More than 600 rallies with over four million protesters supporting abortion rights took place in all 50 states on October 2 in response to Texas’ bill (S.B.8) banning abortions after the sixth week of pregnancy. See photos from some of those marches on this page. Eighty-five percent of the marches were organized by new grassroots activists that have been true for every Women’s March. Hundreds of organizers are activated, have stayed active in the movement, and they aren’t going away! Women’s right to choose is a fundamental right and central to any democracy.

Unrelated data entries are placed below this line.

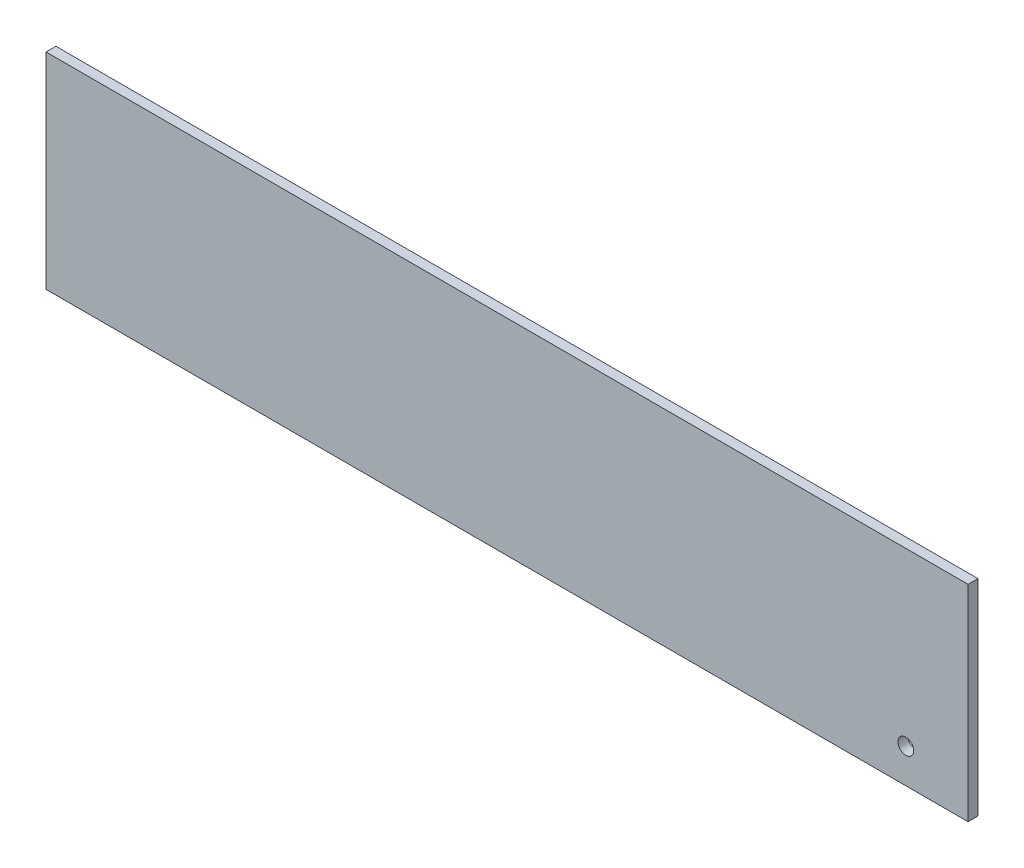
from build123d import *

# Parameters (mm, degrees)
SKETCH1_W           = 592
SKETCH1_H           = 132
SKETCH1_R           = 5.05
BOSS_EXTRUDE1_DEPTH = 6.35


with BuildPart() as part:
    # Sketch1 → Boss-Extrude1 (new body)
    with BuildSketch(Plane.XY):
        with Locations((296, 66)):
            Rectangle(SKETCH1_W, SKETCH1_H)
        with Locations((552, 22)):
            Circle(SKETCH1_R, mode=Mode.SUBTRACT)
    extrude(amount=BOSS_EXTRUDE1_DEPTH)


solid = part.part

In an interview with Truthout, Women’s March Executive Director Rachel O’Leary Carmona stressed the link between issues of democracy, voting rights, and reproductive justice. “For too long the issue of abortion and reproductive health care in general has been kind of thought of separately from democracy efforts or racial justice efforts or even justice around immigration, and what we’re seeing right now is a confluence and a very clear kind of point that all of those things are so interconnected that we cannot kind of have one without the other.”
Following swiftly on the heels of S.B. 8 in Texas came the passage of S.B.1 targeting minority voting rights and enabling future partisan election theft. As the demographics shift, Texas Republicans know they can’t continue to rule over racial and ethnic minorities, or pass unpopular laws like S.B. 8, unless those minorities are systematically discouraged from voting.